OpenAI recently introduced a powerful feature called Predicted Outputs that can significantly reduce latency in API responses when much of the output content is predictable. Let's explore this feature through practical examples.

Understanding Predicted Outputs

When modifying text or code files where only small changes are expected, we can provide a prediction of what we think the output will be. The model can then use this prediction to generate responses faster by reusing parts of our prediction that match its intended output.

For more details, see the official OpenAI documentation.

Real-World Examples

Let's look at two examples that demonstrate when Predicted Outputs are most and least effective.

Example 1: Minor Style Change

In this example, we simply want to change the background color to green. This is an ideal case for Predicted Outputs since most of the code remains unchanged.

Results:

• Normal Completion Time: 14,115 ms
• Predicted Outputs Time: 4,756 ms
• Time Savings: 66%
• Total Completion Tokens: 784
• Accepted Tokens: 686 (reused, not billed)
• Completion Tokens Billed: 98 (only rejected tokens)
• Cost Savings: 88%
• Tokens per Second (Normal): Approximately 55 tokens/sec
• Tokens per Second (Predicted Outputs): Approximately 165 tokens/sec

This demonstrates the power of Predicted Outputs when changes are minimal. Most of the original content was reused, resulting in significant time and cost savings, and a substantial increase in tokens processed per second.

Please note that due to the nature of randomness in token prediction, there is always a difference, so the small difference above may change slightly or even become negative in further predictions.

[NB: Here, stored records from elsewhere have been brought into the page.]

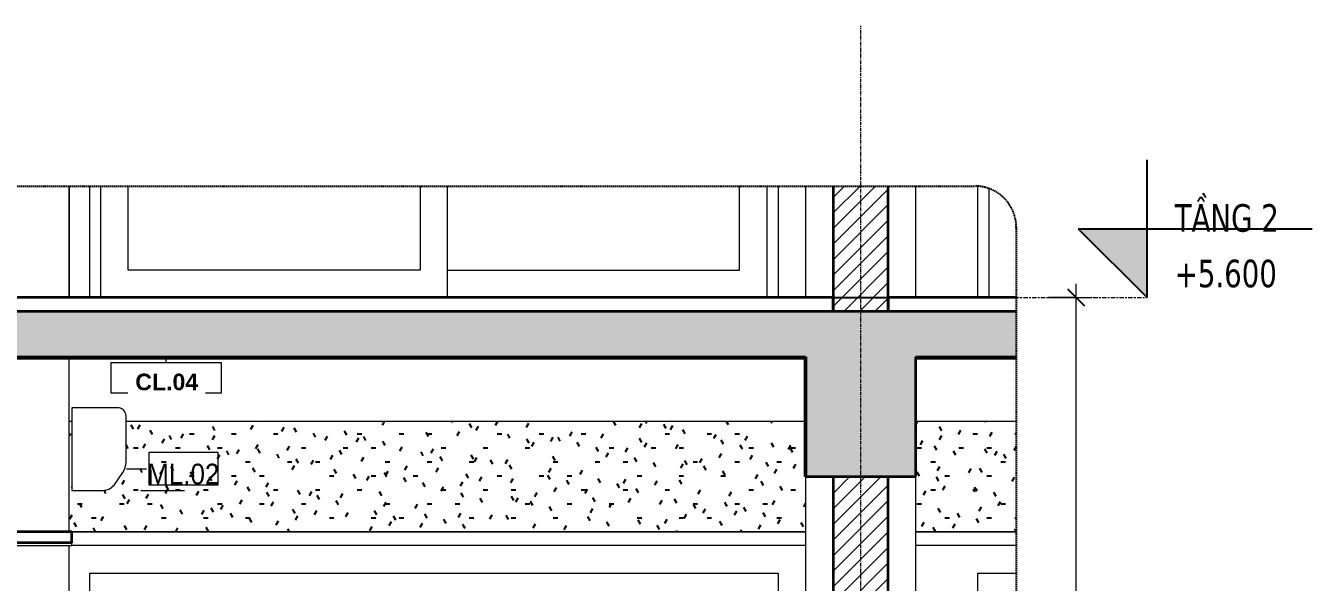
# Model space of a CAD drawing. Header units: millimetres. Extents: x 67190 to 250421, y 542 to 78637.
# Drawn here: x 142566 to 147238, y 4566 to 6587 of the extents above; entities that cross this region are included whole.
import ezdxf

# ---------------------------------------------------------------- set-up
doc = ezdxf.new("R2010")
doc.units = ezdxf.units.MM
for name, pattern in [('Centre', [31.75, 6.35, -4.7625, 15.875, -4.7625]), ('Grid Line', [22.225, 12.7, -3.175, 3.175, -3.175]), ('Hidden', [7.14375, 4.7625, -2.38125]), ('IMPORT-CENTER _2_', [40.64, 25.4, -5.08, 5.08, -5.08])]:
    doc.linetypes.add(name, pattern=pattern)
for name, color, linetype, lineweight in [('0-6', 130, 'Continuous', 5), ('A-ANNO-DIMS', 211, 'Continuous', 9), ('A-ANNO-DIMS-50', 211, 'Continuous', 9), ('A-CLNG', 13, 'Continuous', 18), ('A-CLNG-1', 250, 'Continuous', 35), ('A-CLNG-2', 7, 'Continuous', 18), ('A-CLNG-FNSH-1', 7, 'Continuous', 18), ('A-CLNG-IDEN', 151, 'Continuous', 9), ('A-CLNG-PATT-1', 7, 'Continuous', 18), ('A-CLNG-PATT-2', 31, 'Continuous', 25), ('A-DETL-GENF', 92, 'Continuous', 18), ('A-DETL-GENF-4', 92, 'Hidden', 25), ('A-DETL-GENF-5', 9, 'Continuous', 18), ('A-DETL-MEDM', 33, 'Continuous', 35), ('A-DOOR', 31, 'Continuous', 18), ('A-DOOR-FRAM-1', 31, 'Continuous', 18), ('A-DOOR-GLAZ-1', 31, 'Continuous', 18), ('A-FLOR-FNSH-1', 250, 'Continuous', 35), ('A-FLOR-LEVL', 51, 'Continuous', 9), ('A-FLOR-LEVL-1', 51, 'Continuous', 25), ('A-FLOR-LEVL-2', 51, 'Centre', 9), ('A-FLOR-PATT-1', 253, 'Continuous', 18), ('A-WALL', 113, 'Continuous', 18), ('A-WALL-2', 250, 'Continuous', 35), ('A-WALL-3', 7, 'Continuous', 18), ('A-WALL-PATT-2', 111, 'Continuous', 18), ('G-IMPT', 8, 'Continuous', 18), ('G-IMPT-3', 8, 'IMPORT-CENTER _2_', 18), ('M-EQPM', 50, 'Continuous', 18), ('M-EQPM-1', 7, 'Continuous', 18), ('M-EQPM-2', 50, 'Continuous', 25), ('M-EQPM-IDEN', 50, 'Continuous', 9), ('S-BEAM-1', 71, 'Continuous', 5), ('S-BEAM-2', 7, 'Continuous', 18), ('S-BEAM-3', 90, 'Continuous', 50), ('S-COLS-7', 7, 'Continuous', 18), ('S-GRID-1', 1, 'Grid Line', 9)]:
    doc.layers.add(name, color=color, linetype=linetype, lineweight=lineweight)
doc.styles.add('Arial_2', font='arial.ttf', dxfattribs={"width": 0.9, "height": 75})
doc.styles.add('Arial_B_3', font='arialbd.ttf', dxfattribs={"height": 60})
doc.styles.add('Tahoma_B_1', font='tahomabd.ttf', dxfattribs={"width": 0.85, "height": 100})
doc.styles.add('UTM Avo', font='', dxfattribs={"width": 0.9, "height": 125})
doc.styles.get('UTM Avo').set_extended_font_data('UTM Avo')
doc.dimstyles.new('1_Dim_chi_tiet_2_5', dxfattribs={"dimscale": 304.8, "dimtxt": 124.912619, "dimasz": 0.19685, "dimexe": 0.164042, "dimexo": 0.0625, "dimgap": 0.016404, "dimtad": 1, "dimdec": 0, "dimrnd": 5, "dimzin": 0, "dimdsep": 46, "dimtxsty": 'UTM Avo', "dimblk1": 'OBLIQUE', "dimblk2": 'OBLIQUE', "dimsah": 1, "dimcen": 0.09, "dimdle": 0.164042, "dimazin": 0, "dimtfac": 1, "dimtdec": 4, "dimtix": 1, "dimtmove": 0, "dimatfit": 3, "dimfxl": 0.328084, "dimfxlon": 1, "dimtvp": 1, "dimtolj": 1, "dimtzin": 0, "dimarcsym": 2})
pattern_1 = [(50, (-74162.38, 15875), (364.368, -31.878), [38.1, -419.1]), (355, (-74162.38, 15875), (-70.486, 382.113), [30.48, -335.28]), (100.451, (-74132, 15872.34), (293.885, 350.233), [32.38, -356.18]), (46.184, (-74162.4, 15976.6), (542.158, -84.086), [57.15, -628.65]), (96.636, (-74117.2, 15969.6), (474.805, 494.855), [48.57, -534.27]), (351.184, (-74162.4, 15976.6), (474.81, 494.85), [45.72, -502.92]), (21, (-74111.58, 15951.2), (303.2285, -204.5305), [38.1, -419.1]), (326, (-74111.58, 15951.2), (123.604, 368.376), [30.48, -335.28]), (71.451, (-74086.3, 15934.16), (426.834, 163.843), [32.38, -356.18]), (37.5, (-74162.38, 15875), (6.1766, 169.1102), [3.353, -327.863, 3.353, -337.007, -336.55]), (37.5, (-74162.38, 15875), (6.1766, 169.1102), [-671.576, 3.353, -333.197]), (7.5, (-74162.38, 15875), (133.639, 200.3615), [3.353, -190.703, 3.353, -320.243, -128.27]), (7.5, (-74162.38, 15875), (133.639, 200.3615), [-517.652, 3.353, -124.917]), (327.5, (-74275.66, 15875), (271.1818, -11.4584), [3.353, -123.647, 3.353, -392.887, -525.78]), (327.5, (-74275.66, 15875), (271.1818, -11.4584), [-523.24, 3.353, -522.427]), (317.5, (-74326.46, 15875), (296.2585, 50.853), [3.353, -161.747, 3.353, -259.791, -373.38]), (317.5, (-74326.46, 15875), (296.2585, 50.853), [-428.244, 3.353, -370.027]), (45, (-74162.38, 15875), (-125.7236, 125.7236), []), (45, (-74162.38, 16065.5), (-125.7236, 125.7236), [])]
pattern_2 = [(0, (-74162.38, 15875), (406.4, 101.6), [16.764, -288.036, 16.764, -288.036, -1625.6]), (0, (-74162.38, 15875), (406.4, 101.6), [-609.6, 16.764, -592.836, 16.764, -288.036, -711.2]), (0, (-74162.38, 15875), (406.4, 101.6), [-1524, 16.764, -186.436, 16.764, -491.236]), (120, (-74009.98, 15925.8), (-291.1882, 301.1527), [16.764, -288.036, 16.764, -288.036, -1625.6]), (120, (-74009.98, 15925.8), (-291.1882, 301.1527), [-609.6, 16.764, -592.836, 16.764, -288.036, -711.2]), (120, (-74009.98, 15925.8), (-291.1882, 301.1527), [-1524, 16.764, -186.436, 16.764, -491.236]), (240, (-73959.18, 16129), (-115.2118, -402.7527), [16.764, -288.036, 16.764, -288.036, -1625.6]), (240, (-73959.18, 16129), (-115.2118, -402.7527), [-609.6, 16.764, -592.836, 16.764, -288.036, -711.2]), (240, (-73959.18, 16129), (-115.2118, -402.7527), [-1524, 16.764, -186.436, 16.764, -491.236])]
pattern_3 = [(0, (-74162.38, 15875), (203.2, 50.8), [16.764, -135.636, 16.764, -135.636, -812.8]), (0, (-74162.38, 15875), (203.2, 50.8), [-304.8, 16.764, -288.036, 16.764, -135.636, -355.6]), (0, (-74162.38, 15875), (203.2, 50.8), [-762, 16.764, -84.836, 16.764, -237.236]), (120, (-74086.18, 15900.4), (-145.5941, 150.57636), [16.764, -135.636, 16.764, -135.636, -812.8]), (120, (-74086.18, 15900.4), (-145.5941, 150.57636), [-304.8, 16.764, -288.036, 16.764, -135.636, -355.6]), (120, (-74086.18, 15900.4), (-145.5941, 150.57636), [-762, 16.764, -84.836, 16.764, -237.236]), (240, (-74060.78, 16002), (-57.6059, -201.37636), [16.764, -135.636, 16.764, -135.636, -812.8]), (240, (-74060.78, 16002), (-57.6059, -201.37636), [-304.8, 16.764, -288.036, 16.764, -135.636, -355.6]), (240, (-74060.78, 16002), (-57.6059, -201.37636), [-762, 16.764, -84.836, 16.764, -237.236])]
pattern_4 = [(45, (140588.113, 15875), (-28.28427, 28.28427), [])]

# ---------------------------------------------------------------- blocks, each defined once
blk = doc.blocks.new('NCV_TKTC_KET CAU_rvt-6-TKCS_CĂN HỘ LOẠI 5 - MẶT CẮT 5')
at = {"layer": 'A-FLOR-PATT-1'}
h = blk.add_hatch(dxfattribs=at)
h.set_pattern_fill('FP_12', color=256, style=0, pattern_type=2)
h.set_pattern_definition(pattern_1)
h.paths.add_polyline_path([(-74427.6, 5380), (-69352.6, 5380), (-69352.6, 5385), (-74427.6, 5385)])
h.paths.add_polyline_path([(-77143.5, 5380), (-74627.6, 5380), (-74627.6, 5385), (-77152.6, 5385), (-77152.6, 5380)])
h.paths.add_polyline_path([(-68587.6, 5380), (-68587.6, 5385), (-68952.6, 5385), (-68952.6, 5380)])
h = blk.add_hatch(dxfattribs=at)
h.set_pattern_fill('FP_12', color=256, style=0, pattern_type=2)
h.set_pattern_definition(pattern_1)
h.paths.add_polyline_path([(-74427.6, 5380), (-69352.6, 5380), (-69352.6, 5385), (-74427.6, 5385)])
h.paths.add_polyline_path([(-77143.5, 5380), (-74627.6, 5380), (-74627.6, 5385), (-77152.6, 5385), (-77152.6, 5380)])
h.paths.add_polyline_path([(-68587.6, 5380), (-68587.6, 5385), (-68952.6, 5385), (-68952.6, 5380)])
at = {"layer": 'S-BEAM-1'}
blk.add_hatch(color=256, dxfattribs=at).paths.add_polyline_path([(-69352.6, 4950), (-69352.6, 4950), (-69352.6, 5029.6)])
at = {"layer": 'A-FLOR-FNSH-1'}
for p, q in [((-74427.6, 5380), (-69352.6, 5380)), ((-68952.6, 5380), (-68587.6, 5380))]:
    blk.add_line(p, q, dxfattribs=at)
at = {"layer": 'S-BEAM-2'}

Example 2: Complete Style Overhaul

In this second example, we completely change the styling and content of the page. This represents a case where Predicted Outputs offers minimal benefit since most content needs to change.

Results:

• Normal Completion Time: 3,717 ms
• Predicted Outputs Time: 3,509 ms
• Time Savings: 6%
• Total Completion Tokens: 73
• Accepted Tokens: 0 (reused, not billed)
• Completion Tokens Billed: 73 (only rejected tokens)
• Cost Savings: 0%
• Tokens per Second (Normal): Approximately 19.6 tokens/sec
• Tokens per Second (Predicted Outputs): Approximately 20.8 tokens/sec

When the changes are extensive, the prediction doesn't help much since most tokens need to be regenerated anyway. The slight improvement in tokens per second is negligible.

Implications and Use Cases

Potential Benefits

• Reduced Latency: By reusing predicted tokens, response times can be significantly decreased, enhancing user experience in applications requiring quick feedback.
• Cost Efficiency: Since accepted predicted tokens are not billed, overall costs can be reduced, especially in applications with frequent minor updates.
• Increased Throughput: Higher tokens per second mean that more data can be processed in less time, beneficial for large-scale operations.

Ideal Use Cases

• Code Refactoring: Making small adjustments to large codebases where most of the code remains unchanged.
• Document Editing: Applying minor edits to lengthy documents, such as correcting typos or updating specific sections.
• Format-Preserving Transformations: Converting documents between formats (e.g., HTML to Markdown) where the structure is predictable.
• Template-Based Responses: Generating responses where the output format is consistent, such as emails, reports, or standardized messages.

Limitations

• Prediction Accuracy: The effectiveness of Predicted Outputs heavily relies on the accuracy of the prediction. Inaccurate predictions can lead to increased costs due to rejected tokens.
• Limited Use Cases: Not beneficial for tasks involving significant content changes or creative generation where the output is largely unpredictable.
• Model Support: Currently supported only on specific models like GPT-4o and GPT-4o-mini series.

Implementation Tips

1. Monitor Token Usage: Keep an eye on accepted vs. rejected prediction tokens to assess the effectiveness of your predictions and adjust accordingly.
2. Optimize Predictions: Use the original content as the prediction when making small modifications to maximize accepted tokens.
3. Leverage Streaming: Stream results as they arrive for a better user experience and to capitalize on latency gains.
4. Parallel Testing: Run normal and predicted completions in parallel during testing phases to compare performance and fine-tune your approach.

Conclusion

OpenAI's Predicted Outputs feature can offer significant performance benefits, especially in scenarios involving minor changes to large amounts of content. By reusing predictable output, it reduces latency, cuts costs, and increases tokens processed per second. However, its effectiveness varies based on the use case. Understanding these characteristics helps in deciding when to leverage this feature for optimal results.